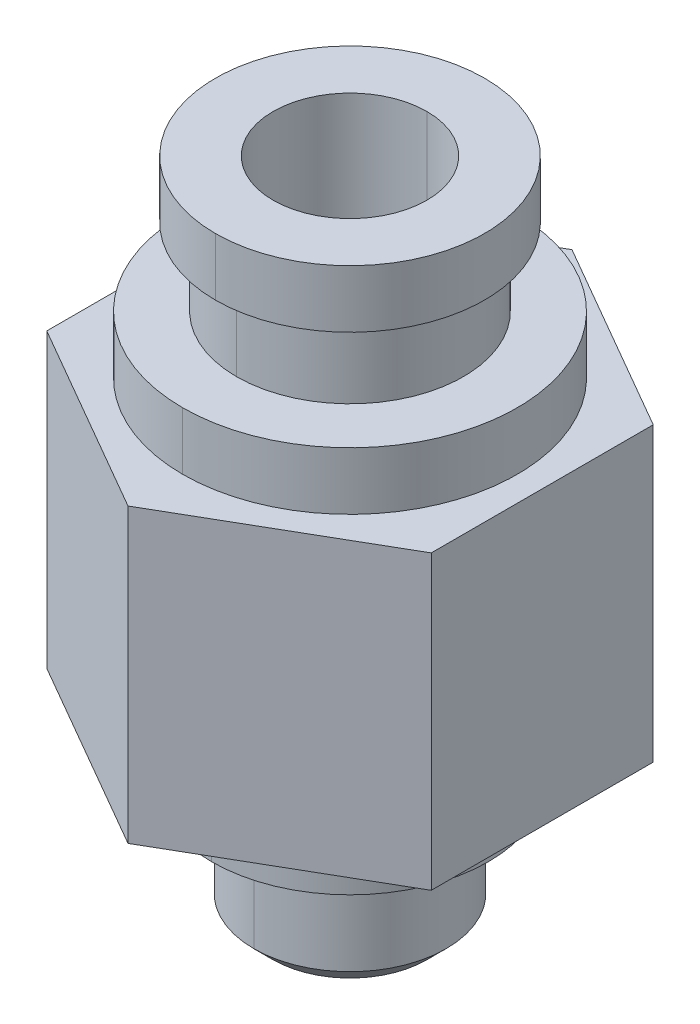
ISO-10303-21;
HEADER;
FILE_DESCRIPTION(('STEP AP214'),'2;1');
FILE_NAME('part.step','',(''),(''),'','','');
FILE_SCHEMA(('AUTOMOTIVE_DESIGN { 1 0 10303 214 1 1 1 1 }'));
ENDSEC;
DATA;
#1=APPLICATION_CONTEXT('core data for automotive mechanical design processes');
#2=APPLICATION_PROTOCOL_DEFINITION('international standard','automotive_design',2000,#1);
#3=PRODUCT_CONTEXT('',#1,'mechanical');
#4=PRODUCT('Part','Part','',(#3));
#5=PRODUCT_RELATED_PRODUCT_CATEGORY('part','',(#4));
#6=PRODUCT_DEFINITION_FORMATION('','',#4);
#7=PRODUCT_DEFINITION_CONTEXT('part definition',#1,'design');
#8=PRODUCT_DEFINITION('design','',#6,#7);
#9=PRODUCT_DEFINITION_SHAPE('','',#8);
#10=(LENGTH_UNIT() NAMED_UNIT(*) SI_UNIT(.MILLI.,.METRE.));
#11=(NAMED_UNIT(*) PLANE_ANGLE_UNIT() SI_UNIT($,.RADIAN.));
#12=(NAMED_UNIT(*) SI_UNIT($,.STERADIAN.) SOLID_ANGLE_UNIT());
#13=UNCERTAINTY_MEASURE_WITH_UNIT(LENGTH_MEASURE(1.E-05),#10,'distance_accuracy_value','');
#14=(GEOMETRIC_REPRESENTATION_CONTEXT(3) GLOBAL_UNCERTAINTY_ASSIGNED_CONTEXT((#13)) GLOBAL_UNIT_ASSIGNED_CONTEXT((#10,
#11,#12)) REPRESENTATION_CONTEXT('',''));
#15=CARTESIAN_POINT('',(0.,0.,0.));
#16=DIRECTION('',(0.,0.,1.));
#17=DIRECTION('',(1.,0.,0.));
#18=AXIS2_PLACEMENT_3D('',#15,#16,#17);
#19=CARTESIAN_POINT('',(0.,4.5,0.));
#20=DIRECTION('',(0.,1.,0.));
#21=DIRECTION('',(0.,0.,1.));
#22=AXIS2_PLACEMENT_3D('',#19,#20,#21);
#23=PLANE('',#22);
#24=CARTESIAN_POINT('',(0.,4.5,0.));
#25=DIRECTION('',(0.,-1.,0.));
#26=DIRECTION('',(0.,0.,-1.));
#27=AXIS2_PLACEMENT_3D('',#24,#25,#26);
#28=CIRCLE('',#27,3.6);
#29=CARTESIAN_POINT('',(0.,4.5,3.6));
#30=VERTEX_POINT('',#29);
#31=CARTESIAN_POINT('',(0.,4.5,-3.6));
#32=VERTEX_POINT('',#31);
#33=EDGE_CURVE('E120',#30,#32,#28,.T.);
#34=ORIENTED_EDGE('',*,*,#33,.F.);
#35=CARTESIAN_POINT('',(0.,4.5,0.));
#36=DIRECTION('',(0.,-1.,0.));
#37=DIRECTION('',(0.,0.,-1.));
#38=AXIS2_PLACEMENT_3D('',#35,#36,#37);
#39=CIRCLE('',#38,3.6);
#40=EDGE_CURVE('E20',#32,#30,#39,.T.);
#41=ORIENTED_EDGE('',*,*,#40,.F.);
#42=EDGE_LOOP('',(#34,#41));
#43=FACE_BOUND('',#42,.T.);
#44=DIRECTION('',(-0.866025403784439,0.,0.5));
#45=VECTOR('',#44,1.);
#46=CARTESIAN_POINT('',(0.,4.5,5.77350269189626));
#47=LINE('',#46,#45);
#48=CARTESIAN_POINT('',(5.,4.5,2.88675134594813));
#49=VERTEX_POINT('',#48);
#50=CARTESIAN_POINT('',(0.,4.5,5.77350269189626));
#51=VERTEX_POINT('',#50);
#52=EDGE_CURVE('E221',#49,#51,#47,.T.);
#53=ORIENTED_EDGE('',*,*,#52,.T.);
#54=DIRECTION('',(-0.866025403784439,0.,-0.5));
#55=VECTOR('',#54,1.);
#56=CARTESIAN_POINT('',(-5.,4.5,2.88675134594813));
#57=LINE('',#56,#55);
#58=CARTESIAN_POINT('',(-5.,4.5,2.88675134594813));
#59=VERTEX_POINT('',#58);
#60=EDGE_CURVE('E140',#51,#59,#57,.T.);
#61=ORIENTED_EDGE('',*,*,#60,.T.);
#62=DIRECTION('',(0.,0.,-1.));
#63=VECTOR('',#62,1.);
#64=CARTESIAN_POINT('',(-5.,4.5,-2.88675134594813));
#65=LINE('',#64,#63);
#66=CARTESIAN_POINT('',(-5.,4.5,-2.88675134594813));
#67=VERTEX_POINT('',#66);
#68=EDGE_CURVE('E248',#59,#67,#65,.T.);
#69=ORIENTED_EDGE('',*,*,#68,.T.);
#70=DIRECTION('',(0.866025403784439,0.,-0.5));
#71=VECTOR('',#70,1.);
#72=CARTESIAN_POINT('',(0.,4.5,-5.77350269189626));
#73=LINE('',#72,#71);
#74=CARTESIAN_POINT('',(0.,4.5,-5.77350269189626));
#75=VERTEX_POINT('',#74);
#76=EDGE_CURVE('E239',#67,#75,#73,.T.);
#77=ORIENTED_EDGE('',*,*,#76,.T.);
#78=DIRECTION('',(0.866025403784439,0.,0.5));
#79=VECTOR('',#78,1.);
#80=CARTESIAN_POINT('',(5.,4.5,-2.88675134594813));
#81=LINE('',#80,#79);
#82=CARTESIAN_POINT('',(5.,4.5,-2.88675134594813));
#83=VERTEX_POINT('',#82);
#84=EDGE_CURVE('E233',#75,#83,#81,.T.);
#85=ORIENTED_EDGE('',*,*,#84,.T.);
#86=DIRECTION('',(0.,0.,1.));
#87=VECTOR('',#86,1.);
#88=CARTESIAN_POINT('',(5.,4.5,2.88675134594813));
#89=LINE('',#88,#87);
#90=EDGE_CURVE('E227',#83,#49,#89,.T.);
#91=ORIENTED_EDGE('',*,*,#90,.T.);
#92=EDGE_LOOP('',(#53,#61,#69,#77,#85,#91));
#93=FACE_BOUND('',#92,.T.);
#94=ADVANCED_FACE('F17',(#43,#93),#23,.F.);
#95=CARTESIAN_POINT('',(0.,4.5,0.));
#96=DIRECTION('',(0.,-1.,0.));
#97=DIRECTION('',(0.,0.,-1.));
#98=AXIS2_PLACEMENT_3D('',#95,#96,#97);
#99=CYLINDRICAL_SURFACE('',#98,3.6);
#100=CARTESIAN_POINT('',(0.,3.,0.));
#101=DIRECTION('',(0.,-1.,0.));
#102=DIRECTION('',(0.,0.,-1.));
#103=AXIS2_PLACEMENT_3D('',#100,#101,#102);
#104=CIRCLE('',#103,3.6);
#105=CARTESIAN_POINT('',(0.,3.,3.6));
#106=VERTEX_POINT('',#105);
#107=CARTESIAN_POINT('',(0.,3.,-3.6));
#108=VERTEX_POINT('',#107);
#109=EDGE_CURVE('E143',#106,#108,#104,.F.);
#110=ORIENTED_EDGE('',*,*,#109,.T.);
#111=DIRECTION('',(0.,-1.,0.));
#112=VECTOR('',#111,1.);
#113=CARTESIAN_POINT('',(0.,4.5,-3.6));
#114=LINE('',#113,#112);
#115=EDGE_CURVE('E133',#32,#108,#114,.T.);
#116=ORIENTED_EDGE('',*,*,#115,.F.);
#117=ORIENTED_EDGE('',*,*,#40,.T.);
#118=DIRECTION('',(0.,-1.,0.));
#119=VECTOR('',#118,1.);
#120=CARTESIAN_POINT('',(0.,4.5,3.6));
#121=LINE('',#120,#119);
#122=EDGE_CURVE('E131',#106,#30,#121,.F.);
#123=ORIENTED_EDGE('',*,*,#122,.F.);
#124=EDGE_LOOP('',(#110,#116,#117,#123));
#125=FACE_BOUND('',#124,.T.);
#126=ADVANCED_FACE('F130',(#125),#99,.T.);
#127=CARTESIAN_POINT('',(0.,4.5,0.));
#128=DIRECTION('',(0.,-1.,0.));
#129=DIRECTION('',(0.,0.,-1.));
#130=AXIS2_PLACEMENT_3D('',#127,#128,#129);
#131=CYLINDRICAL_SURFACE('',#130,3.6);
#132=ORIENTED_EDGE('',*,*,#115,.T.);
#133=CARTESIAN_POINT('',(0.,3.,0.));
#134=DIRECTION('',(0.,-1.,0.));
#135=DIRECTION('',(0.,0.,-1.));
#136=AXIS2_PLACEMENT_3D('',#133,#134,#135);
#137=CIRCLE('',#136,3.6);
#138=EDGE_CURVE('E137',#108,#106,#137,.F.);
#139=ORIENTED_EDGE('',*,*,#138,.T.);
#140=ORIENTED_EDGE('',*,*,#122,.T.);
#141=ORIENTED_EDGE('',*,*,#33,.T.);
#142=EDGE_LOOP('',(#132,#139,#140,#141));
#143=FACE_BOUND('',#142,.T.);
#144=ADVANCED_FACE('F135',(#143),#131,.T.);
#145=CARTESIAN_POINT('',(-5.,12.1,2.88675134594813));
#146=DIRECTION('',(0.5,0.,-0.866025403784439));
#147=DIRECTION('',(-0.866025403784439,0.,-0.5));
#148=AXIS2_PLACEMENT_3D('',#145,#146,#147);
#149=PLANE('',#148);
#150=DIRECTION('',(0.,1.,0.));
#151=VECTOR('',#150,1.);
#152=CARTESIAN_POINT('',(-5.,12.1,2.88675134594813));
#153=LINE('',#152,#151);
#154=CARTESIAN_POINT('',(-5.,12.1,2.88675134594813));
#155=VERTEX_POINT('',#154);
#156=EDGE_CURVE('E245',#155,#59,#153,.F.);
#157=ORIENTED_EDGE('',*,*,#156,.T.);
#158=ORIENTED_EDGE('',*,*,#60,.F.);
#159=DIRECTION('',(0.,1.,0.));
#160=VECTOR('',#159,1.);
#161=CARTESIAN_POINT('',(0.,12.1,5.77350269189626));
#162=LINE('',#161,#160);
#163=CARTESIAN_POINT('',(0.,12.1,5.77350269189626));
#164=VERTEX_POINT('',#163);
#165=EDGE_CURVE('E224',#51,#164,#162,.T.);
#166=ORIENTED_EDGE('',*,*,#165,.T.);
#167=DIRECTION('',(0.866025403784439,0.,0.5));
#168=VECTOR('',#167,1.);
#169=CARTESIAN_POINT('',(-5.,12.1,2.88675134594813));
#170=LINE('',#169,#168);
#171=EDGE_CURVE('E147',#155,#164,#170,.T.);
#172=ORIENTED_EDGE('',*,*,#171,.F.);
#173=EDGE_LOOP('',(#157,#158,#166,#172));
#174=FACE_BOUND('',#173,.T.);
#175=ADVANCED_FACE('F457',(#174),#149,.F.);
#176=CARTESIAN_POINT('',(0.,12.1,5.77350269189626));
#177=DIRECTION('',(-0.5,0.,-0.866025403784439));
#178=DIRECTION('',(-0.866025403784439,0.,0.5));
#179=AXIS2_PLACEMENT_3D('',#176,#177,#178);
#180=PLANE('',#179);
#181=ORIENTED_EDGE('',*,*,#165,.F.);
#182=ORIENTED_EDGE('',*,*,#52,.F.);
#183=DIRECTION('',(0.,1.,0.));
#184=VECTOR('',#183,1.);
#185=CARTESIAN_POINT('',(5.,12.1,2.88675134594813));
#186=LINE('',#185,#184);
#187=CARTESIAN_POINT('',(5.,12.1,2.88675134594813));
#188=VERTEX_POINT('',#187);
#189=EDGE_CURVE('E230',#49,#188,#186,.T.);
#190=ORIENTED_EDGE('',*,*,#189,.T.);
#191=DIRECTION('',(0.866025403784439,0.,-0.5));
#192=VECTOR('',#191,1.);
#193=CARTESIAN_POINT('',(0.,12.1,5.77350269189626));
#194=LINE('',#193,#192);
#195=EDGE_CURVE('E255',#164,#188,#194,.T.);
#196=ORIENTED_EDGE('',*,*,#195,.F.);
#197=EDGE_LOOP('',(#181,#182,#190,#196));
#198=FACE_BOUND('',#197,.T.);
#199=ADVANCED_FACE('F453',(#198),#180,.F.);
#200=CARTESIAN_POINT('',(5.,12.1,2.88675134594813));
#201=DIRECTION('',(-1.,0.,0.));
#202=DIRECTION('',(0.,0.,1.));
#203=AXIS2_PLACEMENT_3D('',#200,#201,#202);
#204=PLANE('',#203);
#205=ORIENTED_EDGE('',*,*,#189,.F.);
#206=ORIENTED_EDGE('',*,*,#90,.F.);
#207=DIRECTION('',(0.,1.,0.));
#208=VECTOR('',#207,1.);
#209=CARTESIAN_POINT('',(5.,12.1,-2.88675134594813));
#210=LINE('',#209,#208);
#211=CARTESIAN_POINT('',(5.,12.1,-2.88675134594813));
#212=VERTEX_POINT('',#211);
#213=EDGE_CURVE('E236',#83,#212,#210,.T.);
#214=ORIENTED_EDGE('',*,*,#213,.T.);
#215=DIRECTION('',(0.,0.,1.));
#216=VECTOR('',#215,1.);
#217=CARTESIAN_POINT('',(5.,12.1,0.));
#218=LINE('',#217,#216);
#219=EDGE_CURVE('E258',#188,#212,#218,.F.);
#220=ORIENTED_EDGE('',*,*,#219,.F.);
#221=EDGE_LOOP('',(#205,#206,#214,#220));
#222=FACE_BOUND('',#221,.T.);
#223=ADVANCED_FACE('F449',(#222),#204,.F.);
#224=CARTESIAN_POINT('',(5.,12.1,-2.88675134594813));
#225=DIRECTION('',(-0.5,0.,0.866025403784439));
#226=DIRECTION('',(0.866025403784439,0.,0.5));
#227=AXIS2_PLACEMENT_3D('',#224,#225,#226);
#228=PLANE('',#227);
#229=ORIENTED_EDGE('',*,*,#213,.F.);
#230=ORIENTED_EDGE('',*,*,#84,.F.);
#231=DIRECTION('',(0.,1.,0.));
#232=VECTOR('',#231,1.);
#233=CARTESIAN_POINT('',(0.,12.1,-5.77350269189626));
#234=LINE('',#233,#232);
#235=CARTESIAN_POINT('',(0.,12.1,-5.77350269189626));
#236=VERTEX_POINT('',#235);
#237=EDGE_CURVE('E242',#75,#236,#234,.T.);
#238=ORIENTED_EDGE('',*,*,#237,.T.);
#239=DIRECTION('',(-0.866025403784439,0.,-0.5));
#240=VECTOR('',#239,1.);
#241=CARTESIAN_POINT('',(5.,12.1,-2.88675134594813));
#242=LINE('',#241,#240);
#243=EDGE_CURVE('E261',#212,#236,#242,.T.);
#244=ORIENTED_EDGE('',*,*,#243,.F.);
#245=EDGE_LOOP('',(#229,#230,#238,#244));
#246=FACE_BOUND('',#245,.T.);
#247=ADVANCED_FACE('F445',(#246),#228,.F.);
#248=CARTESIAN_POINT('',(0.,12.1,-5.77350269189626));
#249=DIRECTION('',(0.5,0.,0.866025403784439));
#250=DIRECTION('',(0.866025403784439,0.,-0.5));
#251=AXIS2_PLACEMENT_3D('',#248,#249,#250);
#252=PLANE('',#251);
#253=ORIENTED_EDGE('',*,*,#237,.F.);
#254=ORIENTED_EDGE('',*,*,#76,.F.);
#255=DIRECTION('',(0.,1.,0.));
#256=VECTOR('',#255,1.);
#257=CARTESIAN_POINT('',(-5.,12.1,-2.88675134594813));
#258=LINE('',#257,#256);
#259=CARTESIAN_POINT('',(-5.,12.1,-2.88675134594813));
#260=VERTEX_POINT('',#259);
#261=EDGE_CURVE('E145',#67,#260,#258,.T.);
#262=ORIENTED_EDGE('',*,*,#261,.T.);
#263=DIRECTION('',(-0.866025403784439,0.,0.5));
#264=VECTOR('',#263,1.);
#265=CARTESIAN_POINT('',(0.,12.1,-5.77350269189626));
#266=LINE('',#265,#264);
#267=EDGE_CURVE('E264',#236,#260,#266,.T.);
#268=ORIENTED_EDGE('',*,*,#267,.F.);
#269=EDGE_LOOP('',(#253,#254,#262,#268));
#270=FACE_BOUND('',#269,.T.);
#271=ADVANCED_FACE('F441',(#270),#252,.F.);
#272=CARTESIAN_POINT('',(-5.,12.1,-2.88675134594813));
#273=DIRECTION('',(1.,0.,0.));
#274=DIRECTION('',(0.,0.,-1.));
#275=AXIS2_PLACEMENT_3D('',#272,#273,#274);
#276=PLANE('',#275);
#277=ORIENTED_EDGE('',*,*,#261,.F.);
#278=ORIENTED_EDGE('',*,*,#68,.F.);
#279=ORIENTED_EDGE('',*,*,#156,.F.);
#280=DIRECTION('',(0.,0.,1.));
#281=VECTOR('',#280,1.);
#282=CARTESIAN_POINT('',(-5.,12.1,0.));
#283=LINE('',#282,#281);
#284=EDGE_CURVE('E151',#260,#155,#283,.T.);
#285=ORIENTED_EDGE('',*,*,#284,.F.);
#286=EDGE_LOOP('',(#277,#278,#279,#285));
#287=FACE_BOUND('',#286,.T.);
#288=ADVANCED_FACE('F437',(#287),#276,.F.);
#289=CARTESIAN_POINT('',(0.,3.,2.0095));
#290=DIRECTION('',(0.,1.,0.));
#291=DIRECTION('',(0.,0.,1.));
#292=AXIS2_PLACEMENT_3D('',#289,#290,#291);
#293=PLANE('',#292);
#294=CARTESIAN_POINT('',(0.,3.00000000004275,0.));
#295=DIRECTION('',(0.,-1.,0.));
#296=DIRECTION('',(0.,0.,-1.));
#297=AXIS2_PLACEMENT_3D('',#294,#295,#296);
#298=CIRCLE('',#297,2.00949999998556);
#299=CARTESIAN_POINT('',(0.,3.00000000004275,2.00949999998556));
#300=VERTEX_POINT('',#299);
#301=CARTESIAN_POINT('',(0.,3.00000000004275,-2.00949999998556));
#302=VERTEX_POINT('',#301);
#303=EDGE_CURVE('E148',#300,#302,#298,.T.);
#304=ORIENTED_EDGE('',*,*,#303,.F.);
#305=CARTESIAN_POINT('',(0.,3.00000000004275,0.));
#306=DIRECTION('',(0.,-1.,0.));
#307=DIRECTION('',(0.,0.,-1.));
#308=AXIS2_PLACEMENT_3D('',#305,#306,#307);
#309=CIRCLE('',#308,2.00949999998556);
#310=EDGE_CURVE('E150',#302,#300,#309,.T.);
#311=ORIENTED_EDGE('',*,*,#310,.F.);
#312=EDGE_LOOP('',(#304,#311));
#313=FACE_BOUND('',#312,.T.);
#314=ORIENTED_EDGE('',*,*,#109,.F.);
#315=ORIENTED_EDGE('',*,*,#138,.F.);
#316=EDGE_LOOP('',(#314,#315));
#317=FACE_BOUND('',#316,.T.);
#318=ADVANCED_FACE('F433',(#313,#317),#293,.F.);
#319=CARTESIAN_POINT('',(0.,12.1,0.));
#320=DIRECTION('',(0.,1.,0.));
#321=DIRECTION('',(0.,0.,1.));
#322=AXIS2_PLACEMENT_3D('',#319,#320,#321);
#323=PLANE('',#322);
#324=CARTESIAN_POINT('',(0.,12.1,0.));
#325=DIRECTION('',(0.,-1.,0.));
#326=DIRECTION('',(0.,0.,-1.));
#327=AXIS2_PLACEMENT_3D('',#324,#325,#326);
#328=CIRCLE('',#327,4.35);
◆ ◆ ◆ ◆ ◆
* _Problem requirements_
Extract the lines of the preceding material that run from the line with "#306=DIRECTION('',(0.,-1.,0.));" through the line with "#317=FACE_BOUND('',#316,.T.);", inclusive, reproducing them exactly and adding nothing.

* _Task answer_
#306=DIRECTION('',(0.,-1.,0.));
#307=DIRECTION('',(0.,0.,-1.));
#308=AXIS2_PLACEMENT_3D('',#305,#306,#307);
#309=CIRCLE('',#308,2.00949999998556);
#310=EDGE_CURVE('E150',#302,#300,#309,.T.);
#311=ORIENTED_EDGE('',*,*,#310,.F.);
#312=EDGE_LOOP('',(#304,#311));
#313=FACE_BOUND('',#312,.T.);
#314=ORIENTED_EDGE('',*,*,#109,.F.);
#315=ORIENTED_EDGE('',*,*,#138,.F.);
#316=EDGE_LOOP('',(#314,#315));
#317=FACE_BOUND('',#316,.T.);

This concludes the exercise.